# Directions
A line containing "-Text GLabel 5700 3400" appears in the material below. Return exactly every line from the first through that one, and only those.

# Material to process
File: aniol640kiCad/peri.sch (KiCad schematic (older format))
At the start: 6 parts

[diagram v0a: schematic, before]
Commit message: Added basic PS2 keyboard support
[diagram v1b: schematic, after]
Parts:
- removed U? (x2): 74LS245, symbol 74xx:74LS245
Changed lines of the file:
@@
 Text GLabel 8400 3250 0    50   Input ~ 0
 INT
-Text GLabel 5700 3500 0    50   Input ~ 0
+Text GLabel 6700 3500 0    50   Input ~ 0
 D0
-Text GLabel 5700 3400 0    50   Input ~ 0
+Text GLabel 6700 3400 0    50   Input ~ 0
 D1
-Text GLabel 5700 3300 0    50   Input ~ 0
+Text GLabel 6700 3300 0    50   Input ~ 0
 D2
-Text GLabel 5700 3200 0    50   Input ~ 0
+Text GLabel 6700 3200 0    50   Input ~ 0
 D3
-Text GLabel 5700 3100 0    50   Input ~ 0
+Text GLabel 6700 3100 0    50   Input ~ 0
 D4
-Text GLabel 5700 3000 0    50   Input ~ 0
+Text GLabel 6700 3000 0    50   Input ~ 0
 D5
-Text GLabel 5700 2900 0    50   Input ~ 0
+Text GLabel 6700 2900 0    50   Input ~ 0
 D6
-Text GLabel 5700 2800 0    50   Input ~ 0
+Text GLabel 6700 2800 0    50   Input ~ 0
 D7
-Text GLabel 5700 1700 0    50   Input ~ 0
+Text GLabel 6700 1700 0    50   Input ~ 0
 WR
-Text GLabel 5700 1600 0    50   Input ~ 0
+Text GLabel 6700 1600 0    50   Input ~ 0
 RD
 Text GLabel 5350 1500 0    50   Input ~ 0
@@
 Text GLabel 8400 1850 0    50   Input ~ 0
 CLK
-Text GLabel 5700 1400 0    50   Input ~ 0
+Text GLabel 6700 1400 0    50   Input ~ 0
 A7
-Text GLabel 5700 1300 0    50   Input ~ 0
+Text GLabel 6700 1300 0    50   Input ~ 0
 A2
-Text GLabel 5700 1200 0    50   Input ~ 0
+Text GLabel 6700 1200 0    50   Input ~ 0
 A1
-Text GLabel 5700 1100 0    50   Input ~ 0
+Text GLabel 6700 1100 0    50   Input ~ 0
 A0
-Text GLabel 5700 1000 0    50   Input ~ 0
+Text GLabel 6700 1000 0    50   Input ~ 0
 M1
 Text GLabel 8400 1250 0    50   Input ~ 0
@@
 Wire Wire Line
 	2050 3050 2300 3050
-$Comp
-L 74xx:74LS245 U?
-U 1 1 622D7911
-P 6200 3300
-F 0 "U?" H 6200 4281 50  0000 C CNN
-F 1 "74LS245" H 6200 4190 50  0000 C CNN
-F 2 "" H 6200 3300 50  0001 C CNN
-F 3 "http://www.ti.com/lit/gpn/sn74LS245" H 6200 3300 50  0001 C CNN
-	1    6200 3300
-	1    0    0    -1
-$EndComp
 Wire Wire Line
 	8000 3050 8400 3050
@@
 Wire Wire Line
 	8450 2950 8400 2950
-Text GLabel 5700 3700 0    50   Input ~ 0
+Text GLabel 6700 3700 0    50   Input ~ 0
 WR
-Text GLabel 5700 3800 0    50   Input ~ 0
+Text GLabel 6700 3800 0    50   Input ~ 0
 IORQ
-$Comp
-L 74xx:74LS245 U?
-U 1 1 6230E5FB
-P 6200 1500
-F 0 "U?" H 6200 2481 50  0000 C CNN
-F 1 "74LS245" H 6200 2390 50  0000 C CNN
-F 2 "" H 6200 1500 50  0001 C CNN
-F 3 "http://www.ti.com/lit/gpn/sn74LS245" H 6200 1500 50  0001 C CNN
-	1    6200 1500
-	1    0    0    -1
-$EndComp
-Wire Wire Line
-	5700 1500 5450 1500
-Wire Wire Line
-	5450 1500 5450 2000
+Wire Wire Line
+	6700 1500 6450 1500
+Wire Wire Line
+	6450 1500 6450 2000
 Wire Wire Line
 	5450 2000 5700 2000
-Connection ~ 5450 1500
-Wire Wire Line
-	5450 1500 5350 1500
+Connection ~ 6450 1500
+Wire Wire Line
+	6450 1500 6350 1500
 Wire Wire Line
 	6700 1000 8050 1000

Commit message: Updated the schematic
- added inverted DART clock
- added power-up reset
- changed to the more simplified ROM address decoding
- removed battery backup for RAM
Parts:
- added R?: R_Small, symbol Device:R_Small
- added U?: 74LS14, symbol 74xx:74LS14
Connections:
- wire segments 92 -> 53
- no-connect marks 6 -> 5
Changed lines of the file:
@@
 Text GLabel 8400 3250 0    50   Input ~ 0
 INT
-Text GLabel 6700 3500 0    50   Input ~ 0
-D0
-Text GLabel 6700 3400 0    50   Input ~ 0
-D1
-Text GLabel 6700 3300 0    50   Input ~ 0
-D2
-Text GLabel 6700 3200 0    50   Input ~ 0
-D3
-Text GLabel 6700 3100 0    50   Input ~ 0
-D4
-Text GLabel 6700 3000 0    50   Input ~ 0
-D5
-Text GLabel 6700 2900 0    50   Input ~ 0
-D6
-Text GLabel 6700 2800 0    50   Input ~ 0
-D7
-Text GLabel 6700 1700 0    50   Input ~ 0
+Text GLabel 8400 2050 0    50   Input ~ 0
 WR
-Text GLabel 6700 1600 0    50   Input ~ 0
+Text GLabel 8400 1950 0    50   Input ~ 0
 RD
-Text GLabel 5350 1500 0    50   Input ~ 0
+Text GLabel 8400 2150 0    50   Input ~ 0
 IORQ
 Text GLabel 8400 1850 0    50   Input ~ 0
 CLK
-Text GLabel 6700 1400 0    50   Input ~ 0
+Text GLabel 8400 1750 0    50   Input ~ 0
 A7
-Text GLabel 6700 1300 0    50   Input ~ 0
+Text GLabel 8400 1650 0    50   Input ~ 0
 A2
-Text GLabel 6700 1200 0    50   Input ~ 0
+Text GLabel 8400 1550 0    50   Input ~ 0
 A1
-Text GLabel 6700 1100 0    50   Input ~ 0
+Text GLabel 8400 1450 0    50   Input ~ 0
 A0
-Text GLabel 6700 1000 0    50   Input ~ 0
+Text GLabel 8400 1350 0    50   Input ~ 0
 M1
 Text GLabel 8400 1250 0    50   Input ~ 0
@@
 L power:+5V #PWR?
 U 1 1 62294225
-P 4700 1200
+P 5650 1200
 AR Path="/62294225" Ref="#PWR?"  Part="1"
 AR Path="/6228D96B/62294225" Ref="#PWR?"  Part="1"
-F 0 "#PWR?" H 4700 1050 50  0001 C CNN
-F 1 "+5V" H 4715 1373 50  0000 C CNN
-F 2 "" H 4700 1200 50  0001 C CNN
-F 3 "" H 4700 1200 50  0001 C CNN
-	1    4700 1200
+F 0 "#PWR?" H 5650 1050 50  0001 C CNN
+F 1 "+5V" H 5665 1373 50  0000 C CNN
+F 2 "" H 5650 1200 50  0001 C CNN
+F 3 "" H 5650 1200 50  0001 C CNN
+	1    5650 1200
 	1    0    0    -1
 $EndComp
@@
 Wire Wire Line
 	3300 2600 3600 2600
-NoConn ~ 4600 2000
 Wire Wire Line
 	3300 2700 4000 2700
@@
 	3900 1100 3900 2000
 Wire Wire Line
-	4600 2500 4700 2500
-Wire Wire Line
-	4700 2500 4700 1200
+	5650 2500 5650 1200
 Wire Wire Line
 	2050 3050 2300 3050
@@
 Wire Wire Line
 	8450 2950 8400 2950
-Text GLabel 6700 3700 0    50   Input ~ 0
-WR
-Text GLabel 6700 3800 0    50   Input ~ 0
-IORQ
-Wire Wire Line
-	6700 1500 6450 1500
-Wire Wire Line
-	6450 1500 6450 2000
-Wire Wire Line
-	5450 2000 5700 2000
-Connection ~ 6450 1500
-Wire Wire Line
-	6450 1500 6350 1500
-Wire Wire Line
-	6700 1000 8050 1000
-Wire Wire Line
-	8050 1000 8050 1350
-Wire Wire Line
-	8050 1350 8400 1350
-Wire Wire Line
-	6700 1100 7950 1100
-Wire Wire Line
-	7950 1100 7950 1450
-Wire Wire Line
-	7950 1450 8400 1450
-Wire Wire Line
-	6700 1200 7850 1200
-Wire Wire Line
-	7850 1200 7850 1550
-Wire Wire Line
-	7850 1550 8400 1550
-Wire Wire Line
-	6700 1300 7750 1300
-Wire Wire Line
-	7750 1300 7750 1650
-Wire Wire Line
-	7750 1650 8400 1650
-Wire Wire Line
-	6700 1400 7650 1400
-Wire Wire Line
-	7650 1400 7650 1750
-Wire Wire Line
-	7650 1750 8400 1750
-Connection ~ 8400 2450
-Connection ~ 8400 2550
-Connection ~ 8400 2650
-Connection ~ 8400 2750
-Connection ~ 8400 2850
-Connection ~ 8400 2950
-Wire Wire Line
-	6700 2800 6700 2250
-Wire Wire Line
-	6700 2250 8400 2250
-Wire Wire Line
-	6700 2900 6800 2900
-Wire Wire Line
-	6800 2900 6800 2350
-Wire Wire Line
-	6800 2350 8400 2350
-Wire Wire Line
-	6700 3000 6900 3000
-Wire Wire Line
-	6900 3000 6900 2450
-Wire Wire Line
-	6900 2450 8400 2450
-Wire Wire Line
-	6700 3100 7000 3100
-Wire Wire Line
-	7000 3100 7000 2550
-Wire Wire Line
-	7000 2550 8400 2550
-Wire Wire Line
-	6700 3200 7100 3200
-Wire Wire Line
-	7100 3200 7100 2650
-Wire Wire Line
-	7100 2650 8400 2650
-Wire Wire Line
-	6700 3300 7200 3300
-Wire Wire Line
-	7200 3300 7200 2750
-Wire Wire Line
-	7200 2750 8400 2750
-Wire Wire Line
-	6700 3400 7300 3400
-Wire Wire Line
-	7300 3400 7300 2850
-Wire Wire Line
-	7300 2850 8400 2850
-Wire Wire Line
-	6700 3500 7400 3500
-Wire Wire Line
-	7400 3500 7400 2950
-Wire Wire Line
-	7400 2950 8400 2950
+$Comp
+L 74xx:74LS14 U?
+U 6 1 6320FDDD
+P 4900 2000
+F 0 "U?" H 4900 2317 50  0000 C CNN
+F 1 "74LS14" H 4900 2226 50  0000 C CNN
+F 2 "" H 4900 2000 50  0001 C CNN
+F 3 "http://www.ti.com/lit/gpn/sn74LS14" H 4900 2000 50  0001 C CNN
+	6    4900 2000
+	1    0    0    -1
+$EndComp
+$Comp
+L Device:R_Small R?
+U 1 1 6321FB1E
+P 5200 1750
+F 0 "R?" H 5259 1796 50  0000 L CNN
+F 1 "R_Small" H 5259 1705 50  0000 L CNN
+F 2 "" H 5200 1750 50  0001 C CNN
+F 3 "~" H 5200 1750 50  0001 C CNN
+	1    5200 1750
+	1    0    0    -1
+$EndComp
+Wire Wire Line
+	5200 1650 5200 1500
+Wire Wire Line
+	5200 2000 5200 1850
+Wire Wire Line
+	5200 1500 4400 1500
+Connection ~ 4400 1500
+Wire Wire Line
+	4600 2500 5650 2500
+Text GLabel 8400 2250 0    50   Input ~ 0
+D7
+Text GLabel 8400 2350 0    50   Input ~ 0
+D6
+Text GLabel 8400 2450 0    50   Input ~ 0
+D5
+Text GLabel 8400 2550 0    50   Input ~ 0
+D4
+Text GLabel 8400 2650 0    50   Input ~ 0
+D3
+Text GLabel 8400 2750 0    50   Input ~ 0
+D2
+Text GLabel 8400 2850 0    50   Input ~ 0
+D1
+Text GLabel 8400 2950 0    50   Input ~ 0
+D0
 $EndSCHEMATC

# Reply to the task
File: aniol640kiCad/peri.sch (KiCad schematic (older format))
At the start: 6 parts

[diagram v0a: schematic, before]
Commit message: Added basic PS2 keyboard support
[diagram v1b: schematic, after]
Parts:
- removed U? (x2): 74LS245, symbol 74xx:74LS245
Changed lines of the file:
@@
 Text GLabel 8400 3250 0    50   Input ~ 0
 INT
-Text GLabel 5700 3500 0    50   Input ~ 0
+Text GLabel 6700 3500 0    50   Input ~ 0
 D0
-Text GLabel 5700 3400 0    50   Input ~ 0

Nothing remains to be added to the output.